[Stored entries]
»»
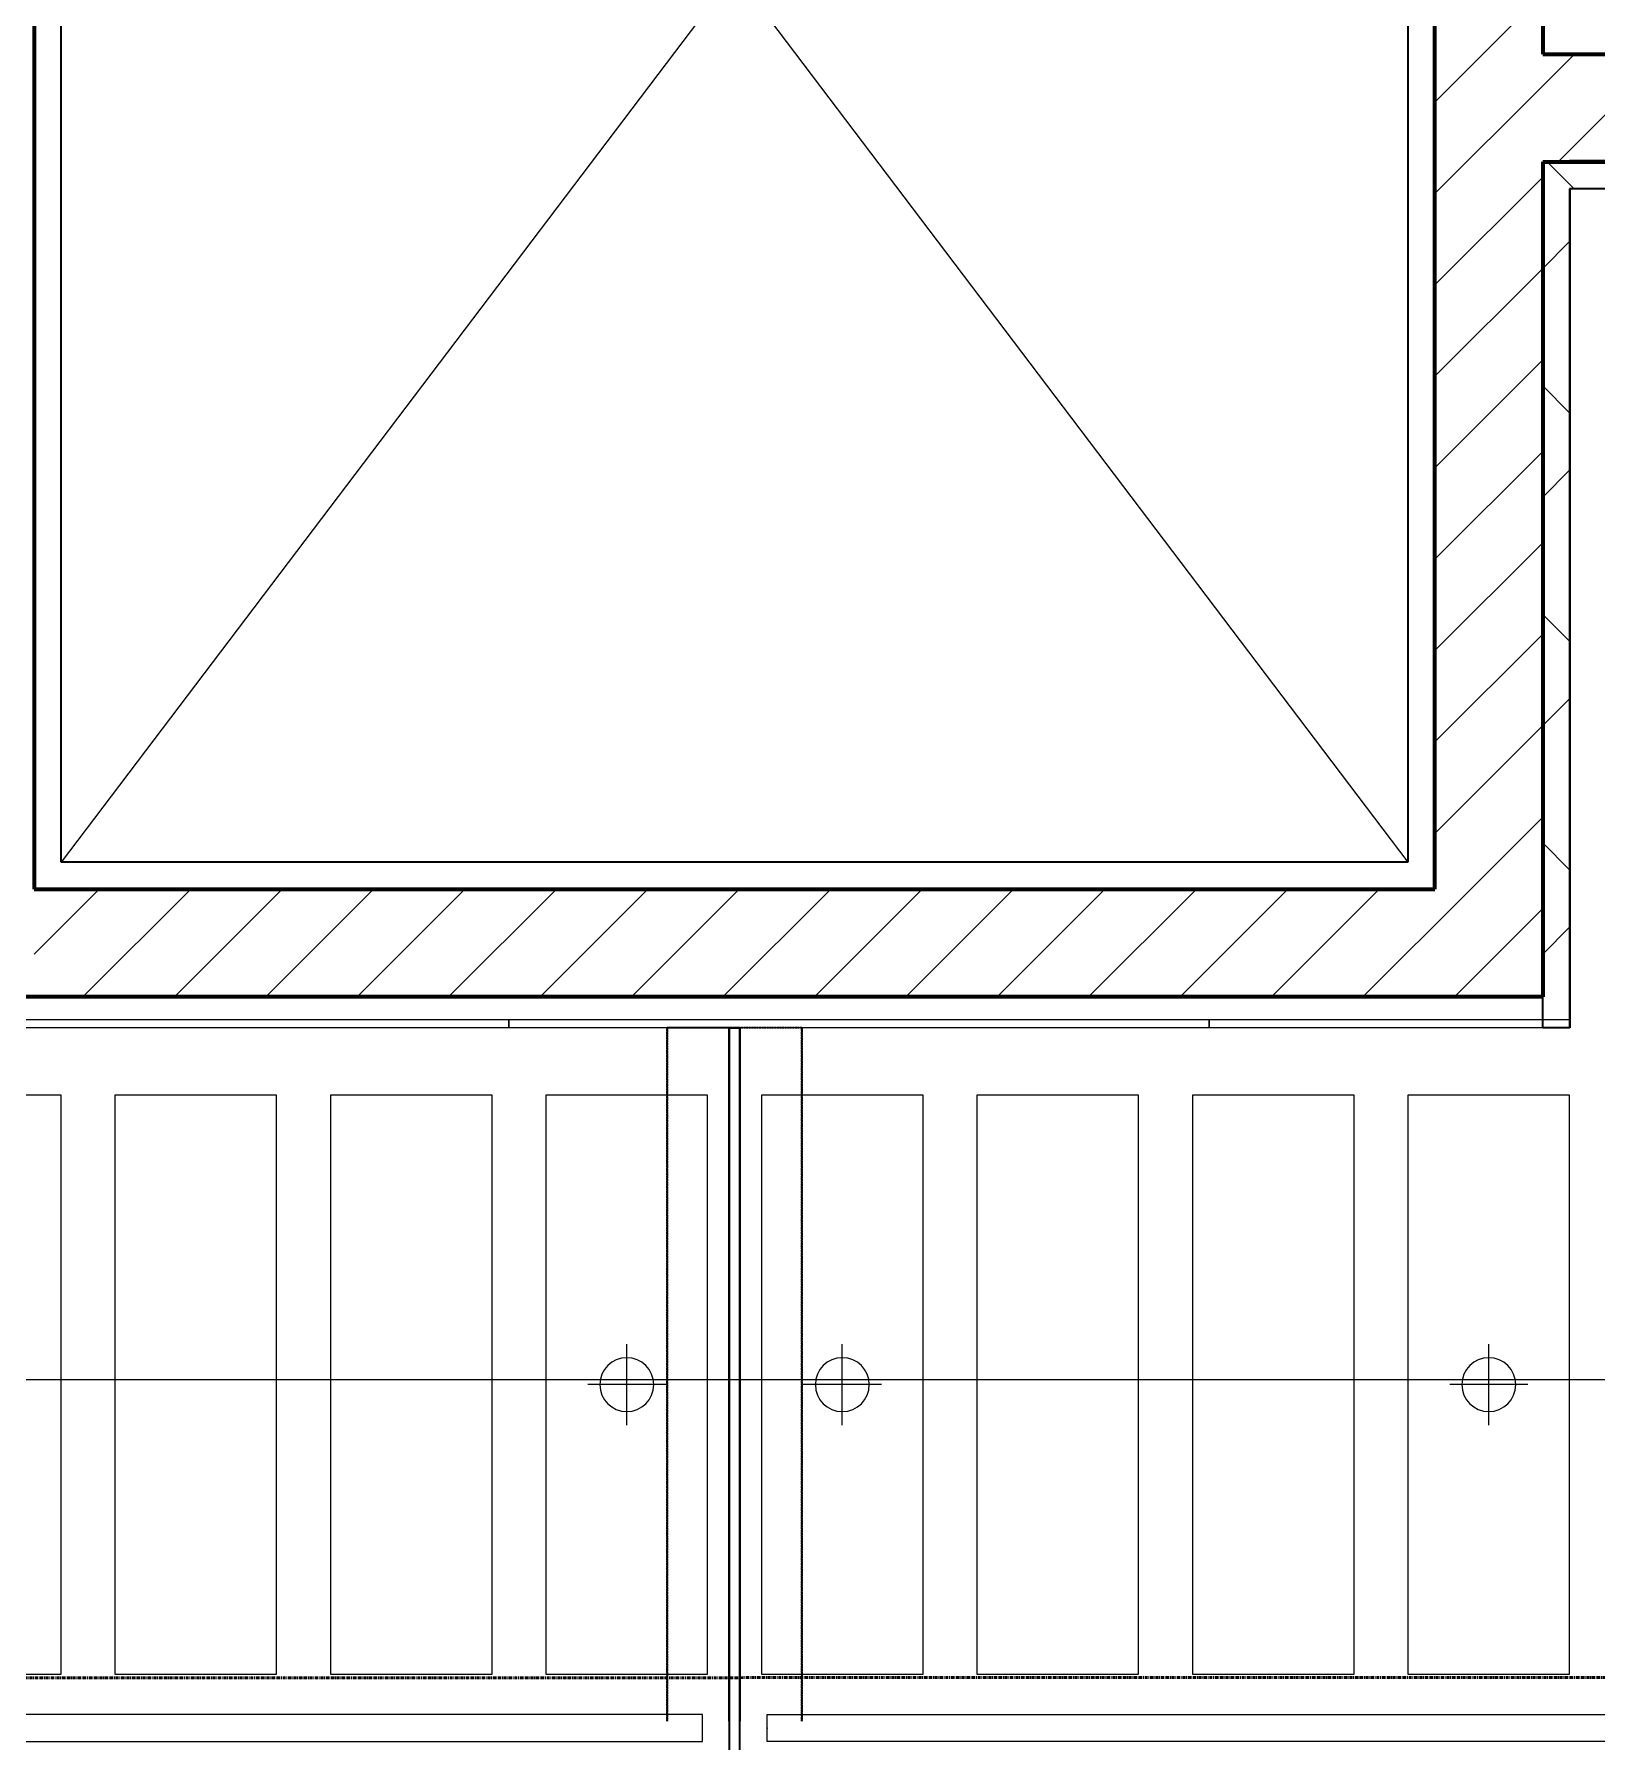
# Model space of a CAD drawing. Header units: millimetres. Extents: x -795739 to -715748, y -34378 to 22353.
# Drawn here: x -785882 to -782982, y 5011 to 8181 of the extents above; entities that cross this region are included whole.
import ezdxf
from ezdxf.xclip import XClip

# ---------------------------------------------------------------- set-up
doc = ezdxf.new("R2010")
doc.units = ezdxf.units.MM
doc.header["$XCLIPFRAME"] = 0
doc.linetypes.add('- SOM Dash 1_8_', pattern=[4.7625, 3.175, -1.5875])
doc.linetypes.add('DPA_Grid _ Level 100', pattern=[10, 5.5, -1.6, 1.3, -1.6])
for name, color, linetype in [('000 - WIPEOUT', 250, 'Continuous'), ('A04_TUBE SERIES', 2, 'Continuous'), ('A11_ALU.SOLID SHEET', 2, 'Continuous')]:
    doc.layers.add(name, color=color, linetype=linetype)
for name, color, linetype, lineweight in [('_ _ A-DETL-OPENING', 1, 'Continuous', 25), ('A-ANNO-NOTE', 3, 'Continuous', 25), ('A-DETL-GENF', 2, 'Continuous', 9), ('A-FLOR-E', 2, 'Continuous', 35), ('A-GLAZ-CURT', 2, 'Continuous', 9), ('A-WALL', 5, 'Continuous', 35), ('A-WALL-FNSH', 2, 'Continuous', 35), ('A-WALL-PATT', 1, 'Continuous', 9), ('E-LITE-EQPM', 2, 'Continuous', 9), ('G-ANNO-SECL', 3, 'Continuous', 9), ('I-WALL-E', 2, 'Continuous', 35)]:
    doc.layers.add(name, color=color, linetype=linetype, lineweight=lineweight)
pattern_1 = [(45, (0, 0), (-84.852814, 84.852814), [])]
pattern_2 = [(45, (0, 0), (-212.13203, 212.13203), []), (135, (0, 0), (-212.13203, -212.13203), [])]

# ---------------------------------------------------------------- blocks, each defined once
blk = doc.blocks.new('DPA_AN_Section Line - UP-Left-16619322-4282-01 ENLARGED LOWER PLATFORM LEVEL - REFLECTED CEILING PLAN - SHEET 3')
at = {"layer": 'A-ANNO-NOTE', "lineweight": 9}
blk.add_line((7.5, 0), (177, 0), dxfattribs=at)
blk = doc.blocks.new('*U1241')
at = {"layer": '_ _ A-DETL-OPENING'}
for p, q in [((-6950, 3065), (-6950, 6365)), ((-4450, 6365), (-6950, 3065)), ((-6950, 6365), (-4450, 3065)), ((-4450, 6365), (-4450, 3065)), ((-4450, 3065), (-6950, 3065))]:
    blk.add_line(p, q, dxfattribs=at)
blk = doc.blocks.new('System Panel - W-06 Feature Wall Printed Pattern-18689756-4282-01 ENLARGED LOWER PLATFORM LEVEL - REFLECTED CEILING PLAN - SHEET 3')
at = {"layer": 'A-GLAZ-CURT'}
for p, q in [((-565.5, -57.5), (-565.5, -42.5)), ((-565.5, -42.5), (565.5, -42.5)), ((565.5, -57.5), (-565.5, -57.5)), ((565.5, -42.5), (565.5, -57.5))]:
    blk.add_line(p, q, dxfattribs=at)
blk = doc.blocks.new('System Panel - W-06 Feature Wall Printed Pattern-18610021-4282-01 ENLARGED LOWER PLATFORM LEVEL - REFLECTED CEILING PLAN - SHEET 3')
at = {"layer": 'A-GLAZ-CURT'}
for p, q in [((-650, -57.5), (-650, -42.5)), ((-650, -42.5), (650, -42.5)), ((650, -57.5), (-650, -57.5)), ((650, -42.5), (650, -57.5))]:
    blk.add_line(p, q, dxfattribs=at)
blk = doc.blocks.new('System Panel - W-06 Feature Wall Printed Pattern-18690625-4282-01 ENLARGED LOWER PLATFORM LEVEL - REFLECTED CEILING PLAN - SHEET 3')
at = {"layer": 'A-GLAZ-CURT'}
for p, q in [((-335, -57.5), (-335, -42.5)), ((-335, -42.5), (335, -42.5)), ((335, -57.5), (-335, -57.5)), ((335, -42.5), (335, -57.5))]:
    blk.add_line(p, q, dxfattribs=at)
blk = doc.blocks.new('*U553')
at = {"layer": 'A-GLAZ-CURT'}
for name, p in [('System Panel - W-06 Feature Wall Printed Pattern-18689756-4282-01 ENLARGED LOWER PLATFORM LEVEL - REFLECTED CEILING PLAN - SHEET 3', (-6684.5, 2815)), ('System Panel - W-06 Feature Wall Printed Pattern-18610021-4282-01 ENLARGED LOWER PLATFORM LEVEL - REFLECTED CEILING PLAN - SHEET 3', (-5469, 2815)), ('System Panel - W-06 Feature Wall Printed Pattern-18690625-4282-01 ENLARGED LOWER PLATFORM LEVEL - REFLECTED CEILING PLAN - SHEET 3', (-4484, 2815))]:
    blk.add_blockref(name, p, dxfattribs=at)
blk = doc.blocks.new('*U678')
blk.add_attdef('EXTR.OVL-LENGTH_', (-25, -59.1), '', height=5)
blk.add_wipeout([(-25, 0), (25, 0), (25, 9187.5), (-25, 9187.5)]).dxf.layer = '000 - WIPEOUT'
at = {"layer": 'A04_TUBE SERIES', "color": 0}
blk.add_lwpolyline([(-25, 0), (25, 0), (25, 9187.5), (-25, 9187.5)], close=True, dxfattribs=at)
blk = doc.blocks.new('*U681')
blk.add_attdef('EXTR.OVL-LENGTH_', (-25, -59.1), '', height=5)
blk.add_wipeout([(-25, 0), (25, 0), (25, 9230.4), (-25, 9230.4)]).dxf.layer = '000 - WIPEOUT'
blk.add_point((0, 0))
at = {"layer": 'A04_TUBE SERIES', "color": 0}
blk.add_lwpolyline([(-25, 0), (25, 0), (25, 9230.4), (-25, 9230.4)], close=True, dxfattribs=at)
blk = doc.blocks.new('*U940')
at = {"color": 3}
for points in [[(-537.5, 750), (537.5, 750), (537.5, 450), (-537.5, 450)], [(-537.5, 350), (537.5, 350), (537.5, 50), (-537.5, 50)], [(-537.5, -50), (537.5, -50), (537.5, -350), (-537.5, -350)], [(-537.5, -450), (537.5, -450), (537.5, -750), (-537.5, -750)]]:
    blk.add_wipeout(points, dxfattribs=at).dxf.layer = '000 - WIPEOUT'
at = {"layer": 'A11_ALU.SOLID SHEET', "color": 0, "linetype": 'ByBlock'}
for points in [[(-537.5, 450), (537.5, 450), (537.5, 750), (-537.5, 750)], [(-537.5, 50), (537.5, 50), (537.5, 350), (-537.5, 350)], [(-537.5, -350), (537.5, -350), (537.5, -50), (-537.5, -50)], [(-537.5, -750), (537.5, -750), (537.5, -450), (-537.5, -450)]]:
    blk.add_lwpolyline(points, close=True, dxfattribs=at)
blk = doc.blocks.new('*U1025')
blk.add_lwpolyline([(-38349, 4315), (-38349, 2757.5), (-41450, 2757.5), (-41450, 4315), (-49246.8, 4315), (-49246.8, 550), (-30509.1, 550), (-30509.1, 4315), (-38349, 4315)])
at = {"layer": 'A04_TUBE SERIES', "linetype": 'ByBlock', "rotation": 270}
blk.add_blockref('*U678', (-49147, 1457.5), dxfattribs=at)
at = {"layer": 'A04_TUBE SERIES', "linetype": 'ByBlock', "xscale": -1, "rotation": 270}
blk.add_blockref('*U681', (-39839.5, 1457.5), dxfattribs=at)
at = {"layer": 'A11_ALU.SOLID SHEET', "linetype": 'ByBlock', "rotation": 90}
for p in [(-40700, 2095), (-39100, 2095)]:
    blk.add_blockref('*U940', p, dxfattribs=at)
blk = doc.blocks.new('LGF_DL_SAA_LowPower_DL1a - LGF_DL_SAA_LowPower_DL1a-8832329-4180-01 LOWER PLATFORM LEVEL - REFLECTED CEILING PLAN')
at = {"layer": 'A-DETL-GENF'}
for p, q in [((0, 75), (0, -75)), ((72.5, 0), (-72.5, 0))]:
    blk.add_line(p, q, dxfattribs=at)
blk.add_circle((0, 0), 50, dxfattribs=at)
blk = doc.blocks.new('C-1-PP19-AR-4180-01-B_20250908-040939_EXDOWNLIGHT')
at = {"layer": 'E-LITE-EQPM', "extrusion": (0, 0, -1), "rotation": 180}
for p in [(40100, 2095), (39700, 2095), (38500, 2095)]:
    blk.add_blockref('LGF_DL_SAA_LowPower_DL1a - LGF_DL_SAA_LowPower_DL1a-8832329-4180-01 LOWER PLATFORM LEVEL - REFLECTED CEILING PLAN', p, dxfattribs=at)

msp = doc.modelspace()

# ---------------------------------------------------------------- hatches: boundary and pattern name
at = {"layer": 'A-WALL-PATT', "lineweight": 9}
h = msp.add_hatch(dxfattribs=at)
h.set_pattern_fill('FP_2', color=256, style=0, pattern_type=2)
h.set_pattern_definition(pattern_1)
h.paths.add_polyline_path([(-767597.4, 7944), (-767597.4, 8144), (-783082.4, 8144), (-783082.4, 7944), (-780382.4, 7944), (-780382.4, 7994), (-779182.4, 7994), (-779182.4, 7944), (-767847.3, 7944)])

# ---------------------------------------------------------------- linework, layer by layer
at = {"layer": 'A-WALL', "color": 7, "lineweight": 70}
for p, q in [((-783082.4, 10144), (-783082.4, 8144)), ((-783082.4, 8144), (-780382.4, 8144)), ((-783082.4, 7944), (-783032.4, 7944)), ((-780382.4, 7944), (-783032.4, 7944)), ((-783032.4, 7944), (-780382.4, 7944))]:
    msp.add_line(p, q, dxfattribs=at)

# ---------------------------------------------------------------- block references
ref = msp.add_blockref('*U1025', (-744682.4, 3579))
XClip(ref).set_block_clipping_path([(-45801.3280238605, -9620.0077451947), (23704.0078937773, 10334.9999958097)])

# ---------------------------------------------------------------- next in the draw order: hatches: boundary and pattern name
at = {"layer": 'A-WALL-PATT', "lineweight": 9}
h = msp.add_hatch(dxfattribs=at)
h.set_pattern_fill('FP_2', color=256, style=0, pattern_type=2)
h.set_pattern_definition(pattern_1)
h.paths.add_polyline_path([(-783082.4, 6594), (-783082.4, 10144), (-783282.4, 10144), (-783282.4, 6594)])
h = msp.add_hatch(dxfattribs=at)
h.set_pattern_fill('FP_3', color=256, style=0, pattern_type=2)
h.set_pattern_definition(pattern_2)
h.paths.add_polyline_path([(-783032.4, 6336.5), (-783032.4, 7944), (-783082.4, 7944), (-783082.4, 6336.5)])
h = msp.add_hatch(dxfattribs=at)
h.set_pattern_fill('FP_3', color=256, style=0, pattern_type=2)
h.set_pattern_definition(pattern_2)
h.paths.add_polyline_path([(-774897.3, 7894), (-774897.3, 7944), (-779182.4, 7944), (-779182.4, 7904), (-780238.4, 7904), (-780216, 7894), (-775279.4, 7894)])
h.paths.add_polyline_path([(-780357.4, 7894), (-780326.3, 7894), (-780348.7, 7904), (-780382.4, 7904), (-780382.4, 7944), (-783032.4, 7944), (-783032.4, 7894), (-780382.4, 7894)])
h = msp.add_hatch(dxfattribs=at)
h.set_pattern_fill('FP_2', color=256, style=0, pattern_type=2)
h.set_pattern_definition(pattern_1)
h.paths.add_polyline_path([(-783082.4, 6394), (-783082.4, 6594), (-785882.4, 6594), (-785882.4, 6394), (-783967.6, 6394)])

# ---------------------------------------------------------------- next in the draw order: linework, layer by layer
at = {"layer": 'A-FLOR-E'}
for p, q in [((-785832.4, 6644), (-785832.4, 9944)), ((-783332.4, 9944), (-783332.4, 6644)), ((-783332.4, 6644), (-785832.4, 6644))]:
    msp.add_line(p, q, dxfattribs=at)
at = {"layer": 'A-WALL', "color": 7, "lineweight": 70}
for p, q in [((-785882.4, 9994), (-785882.4, 6594)), ((-783282.4, 6594), (-783282.4, 9994)), ((-783082.4, 7944), (-783082.4, 6594)), ((-785882.4, 6594), (-783282.4, 6594)), ((-783082.4, 6594), (-783082.4, 6394)), ((-785882.4, 6394), (-786082.4, 6394)), ((-783082.4, 6394), (-785882.4, 6394))]:
    msp.add_line(p, q, dxfattribs=at)
at = {"layer": 'A-WALL-FNSH', "color": 250}
for p, q in [((-783082.4, 6336.5), (-783082.4, 7944)), ((-783032.4, 7894), (-783032.4, 6336.5)), ((-780382.4, 7894), (-783032.4, 7894)), ((-783032.4, 6336.5), (-783082.4, 6336.5))]:
    msp.add_line(p, q, dxfattribs=at)
at = {"layer": 'G-ANNO-SECL', "linetype": 'DPA_Grid _ Level 100', "lineweight": 50}
msp.add_line((-793911.1, 5128.6), (-721435.3, 5139.9), dxfattribs=at)
at = {"layer": 'I-WALL-E', "color": 8, "linetype": '- SOM Dash 1_8_'}
for p, q in [((-784707.4, 6336.5), (-784707.4, 5049)), ((-784707.4, 5049), (-784707.4, 6336.5)), ((-784457.4, 6336.5), (-784707.4, 6336.5)), ((-784592.4, 6336.5), (-784707.4, 6336.5)), ((-784572.4, 6336.5), (-784592.4, 6336.5)), ((-784457.4, 6336.5), (-784572.4, 6336.5)), ((-784457.4, 6336.5), (-784457.4, 5049)), ((-784457.4, 5049), (-784457.4, 6336.5))]:
    msp.add_line(p, q, dxfattribs=at)
at = {"layer": 'I-WALL-E'}
for p, q in [((-784592.4, 6336.5), (-784592.4, 3914)), ((-784592.4, 5049), (-784592.4, 6336.5)), ((-784592.4, 6336.5), (-784572.4, 6336.5)), ((-784592.4, 6336.5), (-784572.4, 6336.5)), ((-784572.4, 6336.5), (-784572.4, 5049)), ((-784572.4, 3914), (-784572.4, 6336.5))]:
    msp.add_line(p, q, dxfattribs=at)

# ---------------------------------------------------------------- next in the draw order: block references
for name in ['*U1241', '*U553']:
    msp.add_blockref(name, (-778882.4, 3579))
ref = msp.add_blockref('C-1-PP19-AR-4180-01-B_20250908-040939_EXDOWNLIGHT', (-744682.4, 3579))
XClip(ref).set_block_clipping_path([(-45801.3280238605, -9620.0077451947), (23704.0078937773, 10334.9999958097)])
at = {"layer": 'A-ANNO-NOTE', "xscale": 100, "yscale": 100, "zscale": 100, "rotation": 180}
msp.add_blockref('DPA_AN_Section Line - UP-Left-16619322-4282-01 ENLARGED LOWER PLATFORM LEVEL - REFLECTED CEILING PLAN - SHEET 3', (-773756.2, 5683), dxfattribs=at)

doc.saveas('drawing.dxf')
««
### AIM OF THE TASK
What is needed is a word-for-word copy of the lines from the start of the data to the line with "doc.linetypes.add('- SOM Dash", inclusive, with no pictures in it.

### RESPONSE AREA
# Model space of a CAD drawing. Header units: millimetres. Extents: x -795739 to -715748, y -34378 to 22353.
# Drawn here: x -785882 to -782982, y 5011 to 8181 of the extents above; entities that cross this region are included whole.
import ezdxf
from ezdxf.xclip import XClip

# ---------------------------------------------------------------- set-up
doc = ezdxf.new("R2010")
doc.units = ezdxf.units.MM
doc.header["$XCLIPFRAME"] = 0
doc.linetypes.add('- SOM Dash 1_8_', pattern=[4.7625, 3.175, -1.5875])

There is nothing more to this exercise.